One of the ultimate goals of medical science is to develop personalized diagnoses and treatments for disease. With a patient’s genetic information, doctors could tailor treatments to individuals, leading to safer and more effective care.
Recent work by a team of Northwestern Engineering researchers has brought the field one step closer to realizing that future.
Led by the teacher Horace Espinosa, the research team has developed a new version of its Nanofountain Probe Electroporation (NFP-E), a tool used to deliver molecules into individual cells using electricity. The improved method leverages artificial intelligence (AI) to perform cell engineering tasks such as locating cell nuclei and detecting probes. Other processes such as probe movement, probe-cell contact detection, and electroporation delivery of foreign cargo into individual cells are also automated, minimizing user intervention.
“NFP-E can handle small starting samples without any significant cell loss throughout the protocol,” said Espinosa, James N., and Nancy J. Farley, Professor of Manufacturing and Entrepreneurship at the McCormick School of Engineering and corresponding author of the study. “This is an advantage over other cell engineering methods such as bulk electroporation, which require millions of cells and result in significant cell loss. Automated NFP-E, combined with its ability to target and to selectively manipulate individual cells into microarrays, can be useful in basic research, such as deciphering intracellular dynamics and cell-to-cell communication studies as well as biological applications such as cell line generation.
Espinosa and graduate students Prithvijit Mukherjee, Cesar A. Patino, and Nibir Pathak reported their work in the paper “Deep Learning Assisted Automated Single Cell Electroporation Platform for Effective Genetic Manipulation of Hard-to-Transfect Cells” published March 21 in Small.
“Genetic manipulation of human induced pluripotent stem cells (hiPSCs) by introducing exogenous cargo has a wide range of applications in disease diagnosis, therapeutic discovery and regenerative medicine,” said Mukherjee, a PhD student from the Espinosa group who joins the microfluidics group. at Illumina.
Probe-based microfluidic methods, such as NFP-E, use hollow nanopipettes or atomic force microscopy tips to deliver materials into cells. NFP-E also allows researchers to selectively manipulate cells of interest, work with very small starting samples, and deliver both proteins and plasmids in a variety of animal and human cell types with control of Dosage.
“The challenge with probe methods, however, is that they require manual operation and produce low throughputs, which makes them unsuitable for common cell engineering workflows,” said Patino, a PhD student in the Espinosa group. .

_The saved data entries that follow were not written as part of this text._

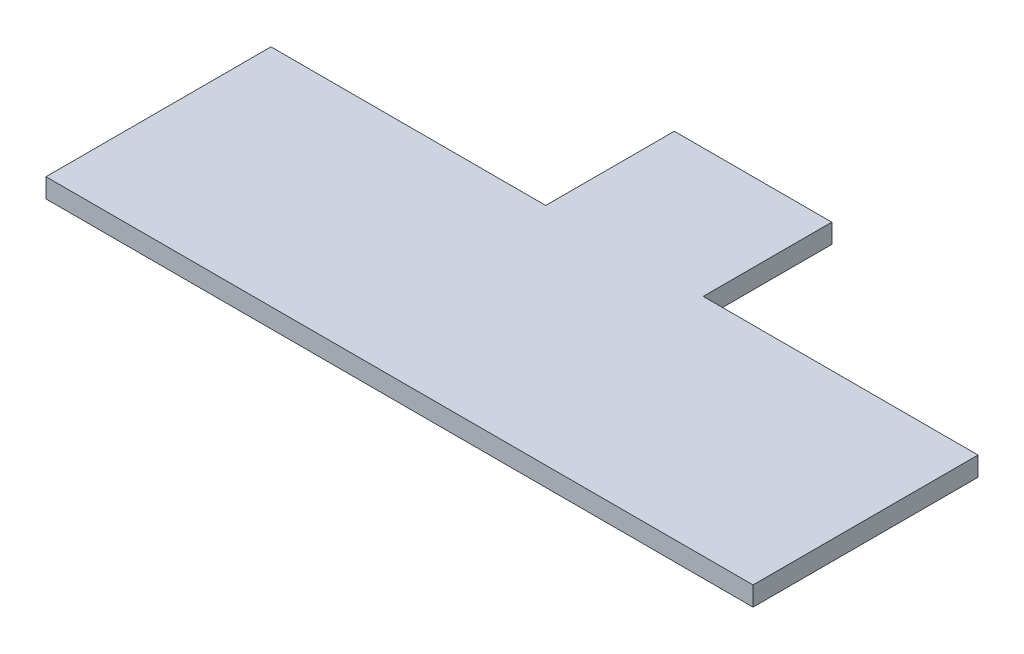
ISO-10303-21;
HEADER;
FILE_DESCRIPTION(('STEP AP214'),'2;1');
FILE_NAME('part.step','',(''),(''),'','','');
FILE_SCHEMA(('AUTOMOTIVE_DESIGN { 1 0 10303 214 1 1 1 1 }'));
ENDSEC;
DATA;
#1=APPLICATION_CONTEXT('core data for automotive mechanical design processes');
#2=APPLICATION_PROTOCOL_DEFINITION('international standard','automotive_design',2000,#1);
#3=PRODUCT_CONTEXT('',#1,'mechanical');
#4=PRODUCT('Part','Part','',(#3));
#5=PRODUCT_RELATED_PRODUCT_CATEGORY('part','',(#4));
#6=PRODUCT_DEFINITION_FORMATION('','',#4);
#7=PRODUCT_DEFINITION_CONTEXT('part definition',#1,'design');
#8=PRODUCT_DEFINITION('design','',#6,#7);
#9=PRODUCT_DEFINITION_SHAPE('','',#8);
#10=(LENGTH_UNIT() NAMED_UNIT(*) SI_UNIT(.MILLI.,.METRE.));
#11=(NAMED_UNIT(*) PLANE_ANGLE_UNIT() SI_UNIT($,.RADIAN.));
#12=(NAMED_UNIT(*) SI_UNIT($,.STERADIAN.) SOLID_ANGLE_UNIT());
#13=UNCERTAINTY_MEASURE_WITH_UNIT(LENGTH_MEASURE(1.E-05),#10,'distance_accuracy_value','');
#14=(GEOMETRIC_REPRESENTATION_CONTEXT(3) GLOBAL_UNCERTAINTY_ASSIGNED_CONTEXT((#13)) GLOBAL_UNIT_ASSIGNED_CONTEXT((#10,
#11,#12)) REPRESENTATION_CONTEXT('',''));
#15=CARTESIAN_POINT('',(0.,0.,0.));
#16=DIRECTION('',(0.,0.,1.));
#17=DIRECTION('',(1.,0.,0.));
#18=AXIS2_PLACEMENT_3D('',#15,#16,#17);
#19=CARTESIAN_POINT('',(-348.405099866875,6.,-66.0577311852511));
#20=DIRECTION('',(1.,0.,0.));
#21=DIRECTION('',(0.,0.,-1.));
#22=AXIS2_PLACEMENT_3D('',#19,#20,#21);
#23=PLANE('',#22);
#24=DIRECTION('',(0.,0.,1.));
#25=VECTOR('',#24,1.);
#26=CARTESIAN_POINT('',(-348.405099866875,0.,-66.0577311852511));
#27=LINE('',#26,#25);
#28=CARTESIAN_POINT('',(-348.405099866875,0.,-66.0577311852511));
#29=VERTEX_POINT('',#28);
#30=CARTESIAN_POINT('',(-348.405099866875,0.,3.94226881474893));
#31=VERTEX_POINT('',#30);
#32=EDGE_CURVE('E129',#29,#31,#27,.T.);
#33=ORIENTED_EDGE('',*,*,#32,.T.);
#34=DIRECTION('',(0.,-1.,0.));
#35=VECTOR('',#34,1.);
#36=CARTESIAN_POINT('',(-348.405099866875,6.,3.94226881474893));
#37=LINE('',#36,#35);
#38=CARTESIAN_POINT('',(-348.405099866875,6.,3.94226881474893));
#39=VERTEX_POINT('',#38);
#40=EDGE_CURVE('E11',#39,#31,#37,.T.);
#41=ORIENTED_EDGE('',*,*,#40,.F.);
#42=DIRECTION('',(0.,0.,1.));
#43=VECTOR('',#42,1.);
#44=CARTESIAN_POINT('',(-348.405099866875,6.,-66.0577311852511));
#45=LINE('',#44,#43);
#46=CARTESIAN_POINT('',(-348.405099866875,6.,-66.0577311852511));
#47=VERTEX_POINT('',#46);
#48=EDGE_CURVE('E143',#47,#39,#45,.T.);
#49=ORIENTED_EDGE('',*,*,#48,.F.);
#50=DIRECTION('',(0.,-1.,0.));
#51=VECTOR('',#50,1.);
#52=CARTESIAN_POINT('',(-348.405099866875,6.,-66.0577311852511));
#53=LINE('',#52,#51);
#54=EDGE_CURVE('E125',#47,#29,#53,.T.);
#55=ORIENTED_EDGE('',*,*,#54,.T.);
#56=EDGE_LOOP('',(#33,#41,#49,#55));
#57=FACE_BOUND('',#56,.T.);
#58=ADVANCED_FACE('F33',(#57),#23,.F.);
#59=CARTESIAN_POINT('',(-348.405099866875,6.,3.94226881474893));
#60=DIRECTION('',(0.,0.,-1.));
#61=DIRECTION('',(-1.,0.,0.));
#62=AXIS2_PLACEMENT_3D('',#59,#60,#61);
#63=PLANE('',#62);
#64=DIRECTION('',(1.,0.,0.));
#65=VECTOR('',#64,1.);
#66=CARTESIAN_POINT('',(-348.405099866875,0.,3.94226881474893));
#67=LINE('',#66,#65);
#68=CARTESIAN_POINT('',(-128.405099866875,0.,3.94226881474891));
#69=VERTEX_POINT('',#68);
#70=EDGE_CURVE('E132',#31,#69,#67,.T.);
#71=ORIENTED_EDGE('',*,*,#70,.T.);
#72=DIRECTION('',(0.,-1.,0.));
#73=VECTOR('',#72,1.);
#74=CARTESIAN_POINT('',(-128.405099866875,6.,3.94226881474891));
#75=LINE('',#74,#73);
#76=CARTESIAN_POINT('',(-128.405099866875,6.,3.94226881474891));
#77=VERTEX_POINT('',#76);
#78=EDGE_CURVE('E41',#77,#69,#75,.T.);
#79=ORIENTED_EDGE('',*,*,#78,.F.);
#80=DIRECTION('',(1.,0.,0.));
#81=VECTOR('',#80,1.);
#82=CARTESIAN_POINT('',(-348.405099866875,6.,3.94226881474893));
#83=LINE('',#82,#81);
#84=EDGE_CURVE('E92',#39,#77,#83,.T.);
#85=ORIENTED_EDGE('',*,*,#84,.F.);
#86=ORIENTED_EDGE('',*,*,#40,.T.);
#87=EDGE_LOOP('',(#71,#79,#85,#86));
#88=FACE_BOUND('',#87,.T.);
#89=ADVANCED_FACE('F178',(#88),#63,.F.);
#90=CARTESIAN_POINT('',(-128.405099866875,6.,-66.0577311852511));
#91=DIRECTION('',(-1.,0.,0.));
#92=DIRECTION('',(0.,0.,1.));
#93=AXIS2_PLACEMENT_3D('',#90,#91,#92);
#94=PLANE('',#93);
#95=DIRECTION('',(0.,0.,-1.));
#96=VECTOR('',#95,1.);
#97=CARTESIAN_POINT('',(-128.405099866875,0.,-66.0577311852511));
#98=LINE('',#97,#96);
#99=CARTESIAN_POINT('',(-128.405099866875,0.,-66.0577311852511));
#100=VERTEX_POINT('',#99);
#101=EDGE_CURVE('E134',#69,#100,#98,.T.);
#102=ORIENTED_EDGE('',*,*,#101,.T.);
#103=DIRECTION('',(0.,-1.,0.));
#104=VECTOR('',#103,1.);
#105=CARTESIAN_POINT('',(-128.405099866875,6.,-66.0577311852511));
#106=LINE('',#105,#104);
#107=CARTESIAN_POINT('',(-128.405099866875,6.,-66.0577311852511));
#108=VERTEX_POINT('',#107);
#109=EDGE_CURVE('E150',#108,#100,#106,.T.);
#110=ORIENTED_EDGE('',*,*,#109,.F.);
#111=DIRECTION('',(0.,0.,-1.));
#112=VECTOR('',#111,1.);
#113=CARTESIAN_POINT('',(-128.405099866875,6.,-66.0577311852511));
#114=LINE('',#113,#112);
#115=EDGE_CURVE('E158',#77,#108,#114,.T.);
#116=ORIENTED_EDGE('',*,*,#115,.F.);
#117=ORIENTED_EDGE('',*,*,#78,.T.);
#118=EDGE_LOOP('',(#102,#110,#116,#117));
#119=FACE_BOUND('',#118,.T.);
#120=ADVANCED_FACE('F156',(#119),#94,.F.);
#121=CARTESIAN_POINT('',(-213.905099866875,6.,-66.0577311852511));
#122=DIRECTION('',(0.,0.,1.));
#123=DIRECTION('',(1.,0.,0.));
#124=AXIS2_PLACEMENT_3D('',#121,#122,#123);
#125=PLANE('',#124);
#126=DIRECTION('',(-1.,0.,0.));
#127=VECTOR('',#126,1.);
#128=CARTESIAN_POINT('',(-213.905099866875,0.,-66.0577311852511));
#129=LINE('',#128,#127);
#130=CARTESIAN_POINT('',(-213.905099866875,0.,-66.0577311852511));
#131=VERTEX_POINT('',#130);
#132=EDGE_CURVE('E136',#100,#131,#129,.T.);
#133=ORIENTED_EDGE('',*,*,#132,.T.);
#134=DIRECTION('',(0.,-1.,0.));
#135=VECTOR('',#134,1.);
#136=CARTESIAN_POINT('',(-213.905099866875,6.,-66.0577311852511));
#137=LINE('',#136,#135);
#138=CARTESIAN_POINT('',(-213.905099866875,6.,-66.0577311852511));
#139=VERTEX_POINT('',#138);
#140=EDGE_CURVE('E147',#139,#131,#137,.T.);
#141=ORIENTED_EDGE('',*,*,#140,.F.);
#142=DIRECTION('',(-1.,0.,0.));
#143=VECTOR('',#142,1.);
#144=CARTESIAN_POINT('',(-213.905099866875,6.,-66.0577311852511));
#145=LINE('',#144,#143);
#146=EDGE_CURVE('E170',#108,#139,#145,.T.);
#147=ORIENTED_EDGE('',*,*,#146,.F.);
#148=ORIENTED_EDGE('',*,*,#109,.T.);
#149=EDGE_LOOP('',(#133,#141,#147,#148));
#150=FACE_BOUND('',#149,.T.);
#151=ADVANCED_FACE('F166',(#150),#125,.F.);
#152=CARTESIAN_POINT('',(-213.905099866875,6.,-106.057731185251));
#153=DIRECTION('',(-1.,0.,0.));
#154=DIRECTION('',(0.,0.,1.));
#155=AXIS2_PLACEMENT_3D('',#152,#153,#154);
#156=PLANE('',#155);
#157=DIRECTION('',(0.,0.,-1.));
#158=VECTOR('',#157,1.);
#159=CARTESIAN_POINT('',(-213.905099866875,0.,-106.057731185251));
#160=LINE('',#159,#158);
#161=CARTESIAN_POINT('',(-213.905099866875,0.,-106.057731185251));
#162=VERTEX_POINT('',#161);
#163=EDGE_CURVE('E138',#131,#162,#160,.T.);
#164=ORIENTED_EDGE('',*,*,#163,.T.);
#165=DIRECTION('',(0.,-1.,0.));
#166=VECTOR('',#165,1.);
#167=CARTESIAN_POINT('',(-213.905099866875,6.,-106.057731185251));
#168=LINE('',#167,#166);
#169=CARTESIAN_POINT('',(-213.905099866875,6.,-106.057731185251));
#170=VERTEX_POINT('',#169);
#171=EDGE_CURVE('E120',#170,#162,#168,.T.);
#172=ORIENTED_EDGE('',*,*,#171,.F.);
#173=DIRECTION('',(0.,0.,-1.));
#174=VECTOR('',#173,1.);
#175=CARTESIAN_POINT('',(-213.905099866875,6.,-106.057731185251));
#176=LINE('',#175,#174);
#177=EDGE_CURVE('E111',#139,#170,#176,.T.);
#178=ORIENTED_EDGE('',*,*,#177,.F.);
#179=ORIENTED_EDGE('',*,*,#140,.T.);
#180=EDGE_LOOP('',(#164,#172,#178,#179));
#181=FACE_BOUND('',#180,.T.);
#182=ADVANCED_FACE('F169',(#181),#156,.F.);
#183=CARTESIAN_POINT('',(-262.905099866875,6.,-106.057731185251));
#184=DIRECTION('',(0.,0.,1.));
#185=DIRECTION('',(1.,0.,0.));
#186=AXIS2_PLACEMENT_3D('',#183,#184,#185);
#187=PLANE('',#186);
#188=DIRECTION('',(-1.,0.,0.));
#189=VECTOR('',#188,1.);
#190=CARTESIAN_POINT('',(-262.905099866875,0.,-106.057731185251));
#191=LINE('',#190,#189);
#192=CARTESIAN_POINT('',(-262.905099866875,0.,-106.057731185251));
#193=VERTEX_POINT('',#192);
#194=EDGE_CURVE('E119',#162,#193,#191,.T.);
#195=ORIENTED_EDGE('',*,*,#194,.T.);
#196=DIRECTION('',(0.,-1.,0.));
#197=VECTOR('',#196,1.);
#198=CARTESIAN_POINT('',(-262.905099866875,6.,-106.057731185251));
#199=LINE('',#198,#197);
#200=CARTESIAN_POINT('',(-262.905099866875,6.,-106.057731185251));
#201=VERTEX_POINT('',#200);
#202=EDGE_CURVE('E116',#201,#193,#199,.T.);
#203=ORIENTED_EDGE('',*,*,#202,.F.);
#204=DIRECTION('',(-1.,0.,0.));
#205=VECTOR('',#204,1.);
#206=CARTESIAN_POINT('',(-262.905099866875,6.,-106.057731185251));
#207=LINE('',#206,#205);
#208=EDGE_CURVE('E105',#170,#201,#207,.T.);
#209=ORIENTED_EDGE('',*,*,#208,.F.);
#210=ORIENTED_EDGE('',*,*,#171,.T.);
#211=EDGE_LOOP('',(#195,#203,#209,#210));
#212=FACE_BOUND('',#211,.T.);
#213=ADVANCED_FACE('F117',(#212),#187,.F.);
#214=CARTESIAN_POINT('',(-262.905099866875,6.,-66.0577311852511));
#215=DIRECTION('',(1.,0.,0.));
#216=DIRECTION('',(0.,0.,-1.));
#217=AXIS2_PLACEMENT_3D('',#214,#215,#216);
#218=PLANE('',#217);
#219=DIRECTION('',(0.,0.,1.));
#220=VECTOR('',#219,1.);
#221=CARTESIAN_POINT('',(-262.905099866875,0.,-66.0577311852511));
#222=LINE('',#221,#220);
#223=CARTESIAN_POINT('',(-262.905099866875,0.,-66.0577311852511));
#224=VERTEX_POINT('',#223);
#225=EDGE_CURVE('E78',#193,#224,#222,.T.);
#226=ORIENTED_EDGE('',*,*,#225,.T.);
#227=DIRECTION('',(0.,-1.,0.));
#228=VECTOR('',#227,1.);
#229=CARTESIAN_POINT('',(-262.905099866875,6.,-66.0577311852511));
#230=LINE('',#229,#228);
#231=CARTESIAN_POINT('',(-262.905099866875,6.,-66.0577311852511));
#232=VERTEX_POINT('',#231);
#233=EDGE_CURVE('E121',#232,#224,#230,.T.);
#234=ORIENTED_EDGE('',*,*,#233,.F.);
#235=DIRECTION('',(0.,0.,1.));
#236=VECTOR('',#235,1.);
#237=CARTESIAN_POINT('',(-262.905099866875,6.,-66.0577311852511));
#238=LINE('',#237,#236);
#239=EDGE_CURVE('E109',#201,#232,#238,.T.);
#240=ORIENTED_EDGE('',*,*,#239,.F.);
#241=ORIENTED_EDGE('',*,*,#202,.T.);
#242=EDGE_LOOP('',(#226,#234,#240,#241));
#243=FACE_BOUND('',#242,.T.);
#244=ADVANCED_FACE('F123',(#243),#218,.F.);
#245=CARTESIAN_POINT('',(-348.405099866875,6.,-66.0577311852511));
#246=DIRECTION('',(0.,0.,1.));
#247=DIRECTION('',(1.,0.,0.));
#248=AXIS2_PLACEMENT_3D('',#245,#246,#247);
#249=PLANE('',#248);
#250=DIRECTION('',(-1.,0.,0.));
#251=VECTOR('',#250,1.);
#252=CARTESIAN_POINT('',(-348.405099866875,0.,-66.0577311852511));
#253=LINE('',#252,#251);
#254=EDGE_CURVE('E84',#224,#29,#253,.T.);
#255=ORIENTED_EDGE('',*,*,#254,.T.);
#256=ORIENTED_EDGE('',*,*,#54,.F.);
#257=DIRECTION('',(-1.,0.,0.));
#258=VECTOR('',#257,1.);
#259=CARTESIAN_POINT('',(-348.405099866875,6.,-66.0577311852511));
#260=LINE('',#259,#258);
#261=EDGE_CURVE('E49',#232,#47,#260,.T.);
#262=ORIENTED_EDGE('',*,*,#261,.F.);
#263=ORIENTED_EDGE('',*,*,#233,.T.);
#264=EDGE_LOOP('',(#255,#256,#262,#263));
#265=FACE_BOUND('',#264,.T.);
#266=ADVANCED_FACE('F194',(#265),#249,.F.);
#267=CARTESIAN_POINT('',(0.,6.,0.));
#268=DIRECTION('',(0.,1.,0.));
#269=DIRECTION('',(0.,0.,1.));
#270=AXIS2_PLACEMENT_3D('',#267,#268,#269);
#271=PLANE('',#270);
#272=ORIENTED_EDGE('',*,*,#48,.T.);
#273=ORIENTED_EDGE('',*,*,#84,.T.);
#274=ORIENTED_EDGE('',*,*,#115,.T.);
#275=ORIENTED_EDGE('',*,*,#146,.T.);
#276=ORIENTED_EDGE('',*,*,#177,.T.);
#277=ORIENTED_EDGE('',*,*,#208,.T.);
#278=ORIENTED_EDGE('',*,*,#239,.T.);
#279=ORIENTED_EDGE('',*,*,#261,.T.);
#280=EDGE_LOOP('',(#272,#273,#274,#275,#276,#277,#278,#279));
#281=FACE_BOUND('',#280,.T.);
#282=ADVANCED_FACE('F107',(#281),#271,.T.);
#283=CARTESIAN_POINT('',(0.,0.,0.));
#284=DIRECTION('',(0.,1.,0.));
#285=DIRECTION('',(0.,0.,1.));
#286=AXIS2_PLACEMENT_3D('',#283,#284,#285);
#287=PLANE('',#286);
#288=ORIENTED_EDGE('',*,*,#32,.F.);
#289=ORIENTED_EDGE('',*,*,#254,.F.);
#290=ORIENTED_EDGE('',*,*,#225,.F.);
#291=ORIENTED_EDGE('',*,*,#194,.F.);
#292=ORIENTED_EDGE('',*,*,#163,.F.);
#293=ORIENTED_EDGE('',*,*,#132,.F.);
#294=ORIENTED_EDGE('',*,*,#101,.F.);
#295=ORIENTED_EDGE('',*,*,#70,.F.);
#296=EDGE_LOOP('',(#288,#289,#290,#291,#292,#293,#294,#295));
#297=FACE_BOUND('',#296,.T.);
#298=ADVANCED_FACE('F162',(#297),#287,.F.);
#299=CLOSED_SHELL('',(#58,#89,#120,#151,#182,#213,#244,#266,#282,#298));
#300=MANIFOLD_SOLID_BREP('B2',#299);
#301=ADVANCED_BREP_SHAPE_REPRESENTATION('',(#18,#300),#14);
#302=SHAPE_DEFINITION_REPRESENTATION(#9,#301);
ENDSEC;
END-ISO-10303-21;

“Selectively manipulating cells at sufficient throughput is challenging,” Espinosa said. “Most methods either provide high throughput at the expense of single cell monitoring or sacrifice throughput for single cell selectivity and monitoring.”
This new work changes that.
The research team’s automated NFP-E enables selective cell engineering at higher throughputs than manual probe-based methods while reducing experimental variability and enabling more efficient engineering of hiPSCs. Using the automated NFP-E platform, Espinosa and colleagues delivered regularly spaced short palindromic repeats (CRISPR) RNPs to hiPSCs for efficient gene knockout in a variety of culture formats: culture plates, micro-patterns and arrays of microwells. Automated cell engineering in microarrays using NFP-E has potential applications such as the generation of isogenic cell lines from single cells and the study of dynamic cellular processes such as intracellular signaling cascades and cell communication. -cell.
Espinosa and his team will then work to automate the entire NFP-E workflow, which includes steps such as automated cell imaging, cell tracking, probe switching, and media exchange for culture. cellular.
“The idea is to establish a fully automated cell line generation workflow using the combination of NFP-E and microwell arrays,” Espinosa said. “AI can be further trained to recognize and target specific cell types in multi-cell co-cultures. This can be useful for understanding dynamics such as disease progression or cell communication.
The research was supported by two NIH grants, award numbers 1R43GM128500-01 and 1R21GM132709-01.
The title of the article
Deep Learning-Assisted Automated Single-Cell Electroporation Platform for Efficient Genetic Manipulation of Difficult-to-Transfect Cells
Publication date of articles
March 21, 2022
Warning: AAAS and EurekAlert! are not responsible for the accuracy of press releases posted on EurekAlert! by contributing institutions or for the use of any information through the EurekAlert system.